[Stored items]
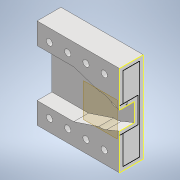
# Autodesk Inventor part: body
Saved by Autodesk Inventor 2022 (Build 260153000, 153)
## iProperties
Created: 2022-04-23
Part Number: body
Material: Generic
Document SubType Name: Modeling
Designer: efred
Density: 1 g/cm^3
Appearance: Default
Author: efred
Autodesk Inventor part; units mm, degrees
ref_plane "Work Plane1" through (0, 0, 0) normal (0, 0, 1) x (1, 0, 0)
sketch "Sketch1" plane through (0, 0, 0) normal (0, 0, 1) x (1, 0, 0)
  circle A0 centre (8, 0) radius 5 construction
  circle A1 centre (0, 18) radius 2 construction
  circle A2 centre (0, -18) radius 2 construction
  arc A3 (-10.2835, -9.5) -> (-3, -13.6748) centre (0, 0) ccw construction
  line L0 (-3, -13.6748) -> (-3, -18) construction
  arc A4 (-3, -18) -> (3, -18) centre (0, -18) ccw construction
  line L1 (3, -18) -> (3, -13.6748) construction
  arc A5 (3, -13.6748) -> (3, 13.6748) centre (0, 0) ccw construction
  line L2 (3, 13.6748) -> (3, 18) construction
  arc A6 (3, 18) -> (-3, 18) centre (0, 18) ccw construction
  line L3 (-3, 18) -> (-3, 13.6748) construction
  arc A7 (-3, 13.6748) -> (-10.2835, 9.5) centre (0, 0) ccw construction
  line L4 (-10.2835, 9.5) -> (-15.2835, 9.5) construction
  line L5 (-15.2835, 9.5) -> (-15.2835, -9.5) construction
  line L6 (-15.2835, -9.5) -> (-10.2835, -9.5) construction
  circle A8 centre (8, 0) radius 5.2
  circle A9 centre (0, -18) radius 1.7
  circle A10 centre (0, 18) radius 1.7
  line L7 (8, 0) -> (0, 0) construction
  line L8 (8, 0) -> (0, 0)
  line L9 (18.2, 24.7) -> (-6.7, 24.7)
  line L10 (-6.7, 24.7) -> (-6.7, -24.7)
  line L11 (-6.7, -24.7) -> (18.2, -24.7)
  line L12 (18.2, -24.7) -> (18.2, 24.7)
  point P0 (13.2, 0)
  point P1 (-1.7, 18)
  point P2 (0, 19.7)
  dimension "d0" = 0.2
  dimension "d3" = 5
  dimension "d4" = 5
  dimension "d5" = 5
  dimension "d20" = 3.4
  constraints: 12 end point, 3 equal length, 3 horizontal alignment, 2 centre point, 2 horizontal, 2 point on circle, 1 perpendicular, 1 vertical alignment, 4 other
  measures "d3" distance from line of point (13.2, 0) L12
  measures "d4" distance from line of L10 A10.start
  measures "d5" distance from line of A10.end L9
  measures "d20" diameter of A9
ref_plane "Work Plane2" through (3, -5, 1.9) normal (0, 0, 1) x (1, 0, 0)
ref_plane "Work Plane3" through (8, 0, 2) normal (0, 0, 1) x (1, 0, 0)
extrude "Extrusion1" add sketch "Sketch1" along normal up to surface (2 mm away)
sketch "Sketch2" plane through (-6.7, 24.7, 2) normal (0, 0, 1) x (1, 0, 0)
  circle A0 centre (6.7, -6.7) radius 1.7 projected
  circle A1 centre (6.7, -42.7) radius 1.7 projected
  circle A2 centre (14.7, -24.7) radius 5.2 construction
  line L0 (0, 0) -> (24.9, 0) projected
  line L1 (0, -49.4) -> (0, 0) projected
  line L2 (24.9, -49.4) -> (0, -49.4) projected
  line L3 (24.9, 0) -> (24.9, -49.4) projected
  circle A3 centre (14.7, -24.7) radius 2.5 construction
  circle A4 centre (14.7, -24.7) radius 2.7
  point P0 (6.7, -24.7)
  dimension "d8" = 0.2
  constraints: 1 centre point
  measures "d8" radial gap between concentric circles of A3 A4
ref_plane "Work Plane4" through (9.5, -2, 4.9) normal (0, 0, 1) x (1, 0, 0)
extrude "Extrusion2" add sketch "Sketch2" along normal up to surface (2.9 mm away)
sketch "Sketch3" plane through (-6.7, -24.7, 4.9) normal (0, 0, 1) x (1, 0, 0)
  arc A0 (18.0541, 25.7) -> (15.7, 28.0541) centre (14.7, 24.7) ccw construction
  line L0 (15.7, 33.0541) -> (15.7, 28.0541) construction
  line L1 (13.7, 33.0541) -> (15.7, 33.0541) construction
  line L2 (13.7, 28.0541) -> (13.7, 33.0541) construction
  arc A1 (13.7, 28.0541) -> (11.3459, 25.7) centre (14.7, 24.7) ccw construction
  line L3 (6.3459, 25.7) -> (11.3459, 25.7) construction
  line L4 (6.3459, 23.7) -> (6.3459, 25.7) construction
  line L5 (11.3459, 23.7) -> (6.3459, 23.7) construction
  arc A2 (11.3459, 23.7) -> (13.7, 21.3459) centre (14.7, 24.7) ccw construction
  line L6 (13.7, 16.3459) -> (13.7, 21.3459) construction
  line L7 (15.7, 16.3459) -> (13.7, 16.3459) construction
  line L8 (15.7, 21.3459) -> (15.7, 16.3459) construction
  arc A3 (15.7, 21.3459) -> (18.0541, 23.7) centre (14.7, 24.7) ccw construction
  line L9 (23.0541, 23.7) -> (18.0541, 23.7) construction
  line L10 (23.0541, 25.7) -> (23.0541, 23.7) construction
  line L11 (18.0541, 25.7) -> (23.0541, 25.7) construction
  circle A4 centre (14.7, 24.7) radius 8.4137 construction
  arc A5 (17.9486, 32.5696) -> (17.9486, 16.8304) centre (14.7, 24.7) ccw
  circle A6 centre (6.7, 42.7) radius 1.7 projected
  circle A7 centre (6.7, 6.7) radius 1.7 projected
  circle A8 centre (14.7, 24.7) radius 2.7 projected
  line L12 (0, 0) -> (0, 49.4) projected
  line L13 (24.9, 0) -> (0, 0) projected
  line L14 (24.9, 49.4) -> (24.9, 0) projected
  line L15 (0, 49.4) -> (24.9, 49.4) projected
  line L16 (0, 49.4) -> (0, 0) projected
  circle A9 centre (14.7, 24.7) radius 2.7 projected
  line L17 (14.7, 24.7) -> (0, 24.7) construction
  line L18 (17.9486, 16.8304) -> (24.9, 19.7)
  line L19 (24.9, 0) -> (24.9, 49.4) projected
  line L20 (17.9486, 32.5696) -> (24.9, 29.7)
  line L21 (13.7, 16.2452) -> (0, 11.7)
  line L22 (13.7, 33.1548) -> (0, 37.7)
  point P0 (6.7, 24.7)
  point P1 (0, 37.7)
  point P2 (24.9, 19.7)
  point P3 (0, 11.7)
  point P4 (0, 37.7)
  dimension "d11" = 0.1
  dimension "d13" = 10
  dimension "d17" = 5
  constraints: 10 end point, 3 point on circle, 3 point on line, 3 symmetric about line, 1 centre point, 1 coincident, 1 midpoint, 1 tangent, 1 vertical alignment, 4 other
  measures "d13" distance of L20.end L18.end
  measures "d17" vertical distance of L21.end A7.centre
ref_plane "Work Plane5" through (8, 0, 13.1) normal (0, 0, 1) x (-1, 0, 0)
ref_plane "Work Plane6" through (-0.3541, -8.3541, 13) normal (0, 0, 1) x (1, 0, 0)
extrude "Extrusion3" add sketch "Sketch3" along normal up to surface (8.1 mm away) contours A5 L22 L12 L15 L14 L20 | A5 L18 L14 L13 L12 L21
sketch "Sketch4" plane through (-6.7, -24.7, 0) normal (-1, 0, 0) x (0, 0, 1)
  line L0 (0, 49.4) -> (13, 49.4) projected
  line L1 (0, 49.4) -> (0, 0) projected
  line L2 (0, 0) -> (13, 0) projected
  line L3 (13, 0) -> (13, 11.7) projected
  line L4 (4.9, 11.7) -> (13, 11.7) projected
  line L5 (4.9, 11.7) -> (4.9, 37.7) projected
  line L6 (4.9, 37.7) -> (13, 37.7) projected
  line L7 (13, 37.7) -> (13, 49.4) projected
  point P0 (0, 24.7)
extrude "Extrusion4" add sketch "Sketch4" along normal blind 20
sketch "Sketch5" plane through (18.2, -24.7, 13) normal (0, 0, 1) x (1, 0, 0)
  circle A0 centre (-18.2, 6.7) radius 1.7 projected
  circle A1 centre (-18.2, 6.7) radius 1.7
  line L0 (0, 0) -> (-44.9, 0) projected
  circle A2 centre (-28.2, 6.7) radius 1.7
  circle A3 centre (-38.2, 6.7) radius 1.7
  circle A4 centre (-8.2, 6.7) radius 1.7
  circle A5 centre (-18.2, 6.7) radius 1.7
  circle A6 centre (-28.2, 6.7) radius 1.7
  point P0 (-18.2, 24.7)
  dimension "d23" = 10
  dimension "d26" = 10
  constraints: 6 centre point, 2 horizontal, 1 coincident, 1 concentric, 10 other
  measures "d23" distance of A1.centre A2.centre
  measures "d26" distance of A1.centre A4.centre
extrude "Extrusion5" cut sketch "Sketch5" against normal through all contours A2 | A3 | A4
mirror "Mirror1" about plane through (0, 0, 0) normal (0, 1, 0) of "Extrusion5"
sketch "Sketch6" plane through (18.2, -24.7, 0) normal (1, 0, 0) x (0, 0, -1)
  line L0 (0, 0) -> (-13, 0) projected
  line L1 (0, 0) -> (0, 49.4) projected
  line L2 (0, 49.4) -> (-13, 49.4) projected
  line L3 (-13, 49.4) -> (-13, 29.7) projected
  line L4 (-4.9, 29.7) -> (-13, 29.7) projected
  line L5 (-4.9, 29.7) -> (-4.9, 19.7) projected
  line L6 (-4.9, 19.7) -> (-13, 19.7) projected
  line L7 (-13, 19.7) -> (-13, 0) projected
  line L8 (-11, 31.7) -> (-11, 47.4)
  line L9 (-11, 47.4) -> (-2, 47.4)
  line L10 (-2, 47.4) -> (-2, 2)
  line L11 (-2, 2) -> (-11, 2)
  line L12 (-11, 2) -> (-11, 17.7)
  line L13 (-11, 17.7) -> (-2.9, 17.7)
  line L14 (-2.9, 17.7) -> (-2.9, 31.7)
  line L15 (-2.9, 31.7) -> (-11, 31.7)
  line L16 (-11, 31.7) -> (-13, 31.7)
  line L17 (-13, 49.4) -> (-13, 29.7) projected
  line L18 (-11, 17.7) -> (-13, 17.7)
  point P0 (0, 24.7)
  point P1 (-13, 31.7)
  dimension "d31" = 2
  constraints: 20 end point, 2 point on line, 1 horizontal, 1 perpendicular, 7 other
  measures "d31" distance between parallel lines of L4 L15
ref_plane "Work Plane7" through (36.9, -26.2379, 21.2621) normal (1, 0, 0) x (0, 0.9775, 0.2109)
extrude "Extrusion6" add sketch "Sketch6" along normal up to surface (18.7 mm away) contours L7 L6 L5 L4 L3 L16 L15 L14 L13 L18
body "Solid1"

WHAT YOU WILL DO
The string "Autodesk" appears in how many lines above? Answer with the number only.

ANSWER TO THIS TASK
3